First off, it really takes very little 1:1 contact to maintain a deep
relationship - no more than 10 minutes a month on the phone for some of my
most meaningful and long-lasting friendships, sometimes less.

It's true that, without the Facebook feed, I don't get a play-by-play of every
single even that happens in their life via the Facebook news feed. I see that
as a positive thing - it leaves us with something to talk about when we do
make time for each other.

Second, I definitely am in contact with fewer people than when I was on
Facebook. The relationships that I have maintained since then have been more
fulfilling, though, so, at least as far as I'm concerned, it's still a net
positive. (Think of it as giving your social life the Marie Kondo treatment.)
I'd like to think that's a two way street - if I'm getting more out of the
interaction, then that means I'm probably giving more back, too.

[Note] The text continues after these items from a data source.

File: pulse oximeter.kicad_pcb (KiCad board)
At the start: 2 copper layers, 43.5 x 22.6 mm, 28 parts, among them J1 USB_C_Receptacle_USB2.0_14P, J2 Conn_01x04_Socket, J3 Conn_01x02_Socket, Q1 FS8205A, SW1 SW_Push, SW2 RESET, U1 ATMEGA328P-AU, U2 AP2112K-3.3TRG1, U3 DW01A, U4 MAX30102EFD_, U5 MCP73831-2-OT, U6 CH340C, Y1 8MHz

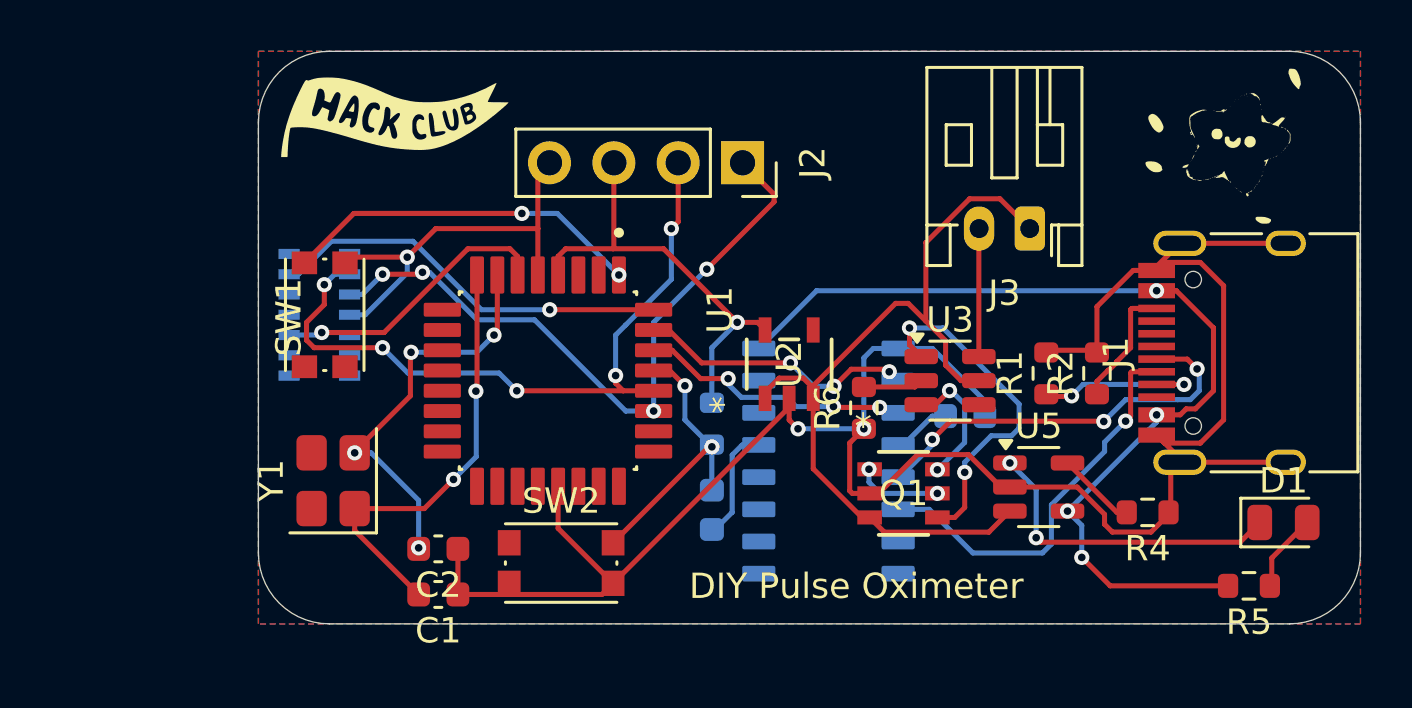
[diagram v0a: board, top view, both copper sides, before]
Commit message: Update pulse oximeter.kicad_pcb
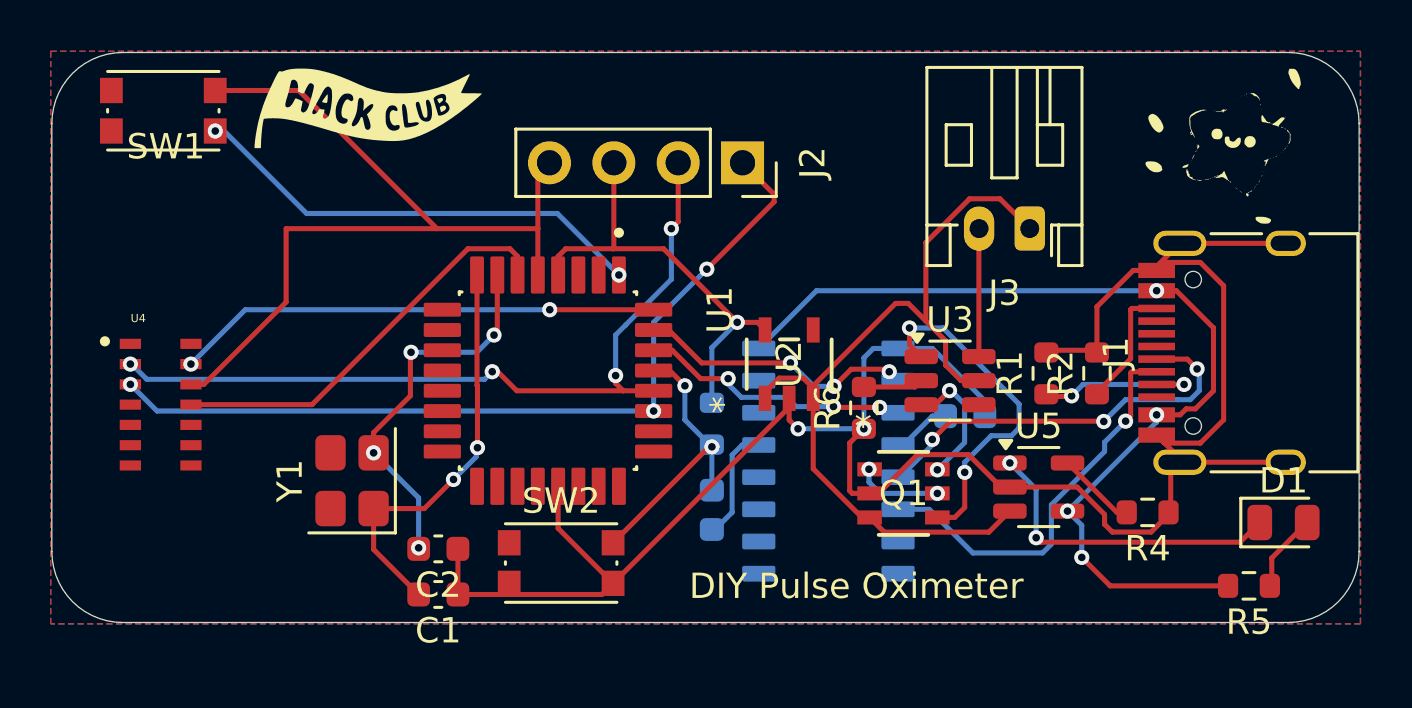
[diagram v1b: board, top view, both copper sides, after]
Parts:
- U4: moved to F.Cu
- moved SW1 10.3 mm to (128.5, 90.3), turned to 180 degrees
- moved U4 7.20 mm to (128.4, 101.9), turned to 0 degrees
- moved . 1.11 mm to (136.6, 90.2)
- moved Y1 0.75 mm to (135.9, 104.9)
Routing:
- net GND: track 102.0 -> 119.2 mm, vias 3 -> 2
- net SDA: track 26.9 -> 33.4 mm, vias 4 -> 3
- net +3.3V: track 28.6 -> 33.6 mm, vias 2 -> 1
- net Net-(U1-PD3): track 14.2 -> 18.3 mm
- net SCL: track 28.3 -> 31.5 mm, vias 5 -> 4
- net INT: track 16.0 -> 19.2 mm, vias 1 -> 2
- net Net-(U1-PB7): track 17.3 -> 16.3 mm
- net Net-(U1-PB6): track 16.4 -> 15.4 mm
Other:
- board size 43.5 x 22.6 mm -> 51.6 x 22.5 mm

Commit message: Edit PCB and Schematic
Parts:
- added C10: 4.7uF, Capacitor_SMD:C_0603_1608Metric, B.Cu at (131.7, 103.6)
- added C11: 100nF, Capacitor_SMD:C_0603_1608Metric, B.Cu at (132.1, 101.1)
- added C5: 100nF, Capacitor_SMD:C_0603_1608Metric, B.Cu at (163.4, 99.8)
- added C6: 100nF, Capacitor_SMD:C_0603_1608Metric, B.Cu at (141.6, 107.5)
- added C7: 100nF, Capacitor_SMD:C_0603_1608Metric, B.Cu at (143.3, 107.6)
- added C8: 1uF, Capacitor_SMD:C_0603_1608Metric, F.Cu at (153.2, 104.7)
- added C9: 4.7uF, Capacitor_SMD:C_0603_1608Metric, F.Cu at (153.1, 97.4)
- added R10: 1k ohm, Resistor_SMD:R_0603_1608Metric, B.Cu at (145.3, 99.9)
- added R11: 2k ohm, Resistor_SMD:R_0603_1608Metric, B.Cu at (143.6, 99.9)
- added R7: 100 ohm, Resistor_SMD:R_0603_1608Metric, F.Cu at (162.5, 98.2)
- added R8: 4.7k ohm, Resistor_SMD:R_0603_1608Metric, B.Cu at (142.6, 103.3)
- added R9: 4.7k ohm, Resistor_SMD:R_0603_1608Metric, B.Cu at (145.7, 103.3)
- moved SW1 0.40 mm to (128.5, 90.7)
- turned C4 to -90 degrees
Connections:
- C4 pad 2: RESET -> Net-(U6-~{DTR})
- Q1 pad 3: BVCC -> unconnected-(Q1-Pad3)
- Q1 pad 4: Net-(U3-OD) -> Net-(U3-OC)
- Q1 pad 5: Net-(Q1-Pad1) -> Net-(U3-OD)
- Q1 pad 6: Net-(U3-OC) -> Net-(Q1-Pad1)
- U1 pad 20: unconnected-(U1-AREF-Pad20) -> Net-(U1-AREF)
- U3 pad 5: BVCC -> Net-(U3-VCC)
- U6 pad 13: RESET -> Net-(U6-~{DTR})
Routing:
- net GND: track 119.2 -> 136.9 mm, vias 2 -> 7
- net +3.3V: track 33.6 -> 44.6 mm, vias 1 -> 5
- net Net-(U3-VCC): track 0.00 -> 6.63 mm, vias 0 -> 1
- net RXD: track 10.8 -> 16.2 mm, vias 3 -> 4
- net Net-(U6-~{DTR}): track 0.00 -> 4.62 mm
- net RESET: track 16.1 -> 11.5 mm
- net BVCC: track 33.5 -> 37.9 mm, vias 0 -> 2
- net SCL: track 31.5 -> 34.8 mm, vias 4 -> 5
- net TXD: track 11.0 -> 13.7 mm, vias 3 -> 4
- net BGND: track 5.06 -> 7.15 mm, vias 0 -> 1
- net Net-(U1-AREF): track 0.00 -> 1.68 mm, vias 0 -> 1
- net SDA: track 33.4 -> 34.7 mm
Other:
- board text added: "*"
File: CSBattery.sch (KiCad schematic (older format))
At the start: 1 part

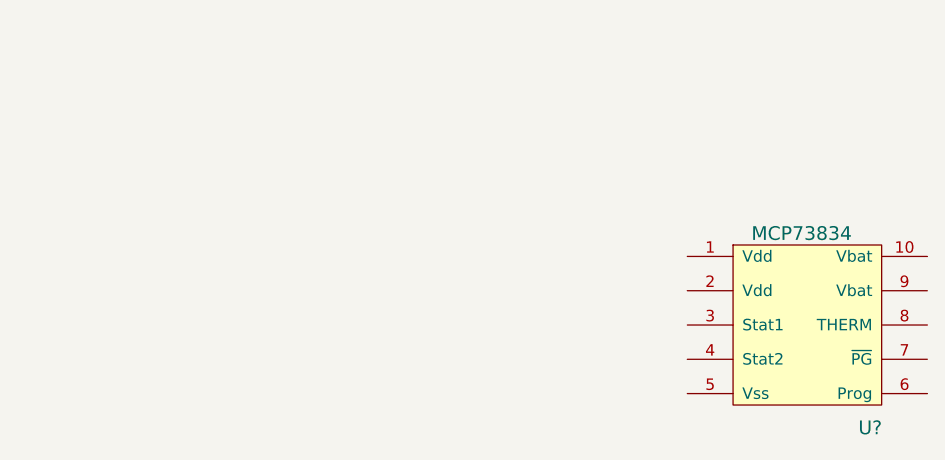
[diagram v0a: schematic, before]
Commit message: updated schematic with USB and added a gitignore file
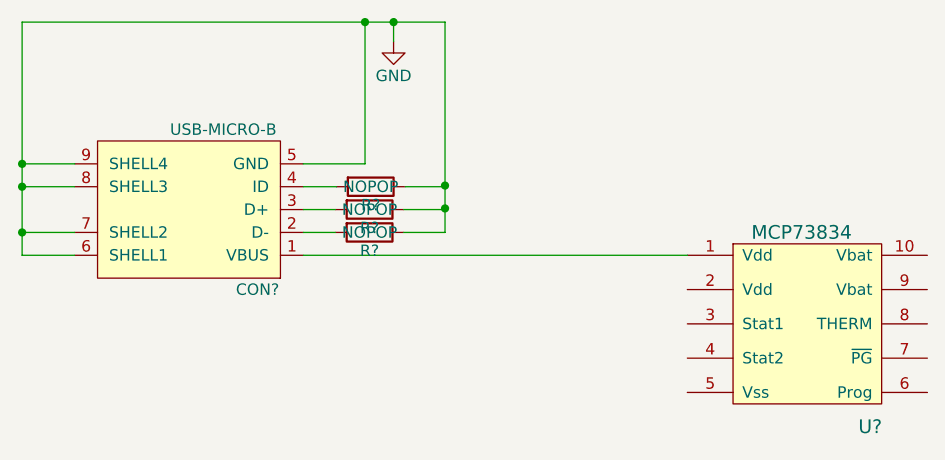
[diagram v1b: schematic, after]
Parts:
- added CON?: USB-MICRO-B, symbol USB-MICRO-B
- added R? (x3): NOPOP, symbol R
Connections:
- net at U?.1 (Vdd): now also CON?.1 (VBUS)
- new net: CON?.2 (D-), R?.2
- new net: CON?.3 (D+), R?.2
- new net: CON?.4 (ID), R?.2
- new net GND: CON?.5 (GND), CON?.6 (SHELL1), CON?.7 (SHELL2), CON?.8 (SHELL3), CON?.9 (SHELL4), R?.1, R?.1, R?.1
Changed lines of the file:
@@
 L MCP73834 U?
 U 1 1 55376E6C
-P 5400 2800
-F 0 "U?" H 5650 2300 60  0000 C CNN
-F 1 "MCP73834" H 5350 3150 60  0000 C CNN
-F 2 "" H 5500 2800 60  0000 C CNN
-F 3 "" H 5500 2800 60  0000 C CNN
-	1    5400 2800
+P 5400 2795
+F 0 "U?" H 5650 2295 60  0000 C CNN
+F 1 "MCP73834" H 5350 3145 60  0000 C CNN
+F 2 "" H 5500 2795 60  0000 C CNN
+F 3 "" H 5500 2795 60  0000 C CNN
+	1    5400 2795
 	1    0    0    -1
 $EndComp
+$Comp
+L USB-MICRO-B CON?
+U 1 1 5537FC70
+P 2670 2345
+F 0 "CON?" H 2370 2695 50  0000 C CNN
+F 1 "USB-MICRO-B" H 2520 1995 50  0000 C CNN
+F 2 "" H 2670 2245 50  0000 C CNN
+F 3 "" H 2670 2245 50  0000 C CNN
+	1    2670 2345
+	-1   0    0    1
+$EndComp
+$Comp
+L GND #PWR?
+U 1 1 5537FE4F
+P 3565 1610
+F 0 "#PWR?" H 3565 1360 50  0001 C CNN
+F 1 "GND" H 3565 1460 50  0000 C CNN
+F 2 "" H 3565 1610 60  0000 C CNN
+F 3 "" H 3565 1610 60  0000 C CNN
+	1    3565 1610
+	1    0    0    -1
+$EndComp
+Wire Wire Line
+	1940 2545 2170 2545
+Wire Wire Line
+	1940 1525 1940 2545
+Wire Wire Line
+	1940 1525 3790 1525
+Wire Wire Line
+	3565 1525 3565 1610
+Wire Wire Line
+	3170 2145 3440 2145
+Wire Wire Line
+	3440 2145 3440 1525
+Connection ~ 3440 1525
+Wire Wire Line
+	2170 2145 1940 2145
+Connection ~ 1940 2145
+Wire Wire Line
+	2170 2245 1940 2245
+Connection ~ 1940 2245
+Wire Wire Line
+	2170 2445 1940 2445
+Connection ~ 1940 2445
+Wire Wire Line
+	3170 2545 4850 2545
+$Comp
+L R R?
+U 1 1 5537FFD0
+P 3465 2245
+F 0 "R?" V 3545 2245 50  0000 C CNN
+F 1 "NOPOP" V 3465 2245 50  0000 C CNN
+F 2 "" V 3395 2245 30  0000 C CNN
+F 3 "" H 3465 2245 30  0000 C CNN
+	1    3465 2245
+	0    1    1    0
+$EndComp
+$Comp
+L R R?
+U 1 1 55380031
+P 3460 2345
+F 0 "R?" V 3540 2345 50  0000 C CNN
+F 1 "NOPOP" V 3460 2345 50  0000 C CNN
+F 2 "" V 3390 2345 30  0000 C CNN
+F 3 "" H 3460 2345 30  0000 C CNN
+	1    3460 2345
+	0    1    1    0
+$EndComp
+$Comp
+L R R?
+U 1 1 5538005A
+P 3460 2445
+F 0 "R?" V 3540 2445 50  0000 C CNN
+F 1 "NOPOP" V 3460 2445 50  0000 C CNN
+F 2 "" V 3390 2445 30  0000 C CNN
+F 3 "" H 3460 2445 30  0000 C CNN
+	1    3460 2445
+	0    1    1    0
+$EndComp
+Wire Wire Line
+	3170 2245 3315 2245
+Wire Wire Line
+	3170 2345 3310 2345
+Wire Wire Line
+	3170 2445 3310 2445
+Wire Wire Line
+	3610 2445 3790 2445
+Wire Wire Line
+	3790 2445 3790 1525
+Connection ~ 3565 1525
+Wire Wire Line
+	3610 2345 3790 2345
+Wire Wire Line
+	3790 2345 3790 2340
+Connection ~ 3790 2340
+Wire Wire Line
+	3615 2245 3790 2245
+Wire Wire Line
+	3790 2245 3790 2240
+Connection ~ 3790 2240
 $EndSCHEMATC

So the end result is that my friends are not, overall, spending _that_ much
time interacting with me without Facebook. I can't speak for them, but, I at
least view it as an enjoyable way that we can spend some time together, if not
physically in the same space. I'd like to think they do the same. It'd be
really weird if they thought of me as a friend but didn't actually enjoy
having conversations with me.

------
ratsimihah
Quit like a year ago, it's great. So much less attention drain. Then I quit
Twitter not long after. But now there's Instagram, a bit tricky as my whole
yoga community hangs there. Back to square one.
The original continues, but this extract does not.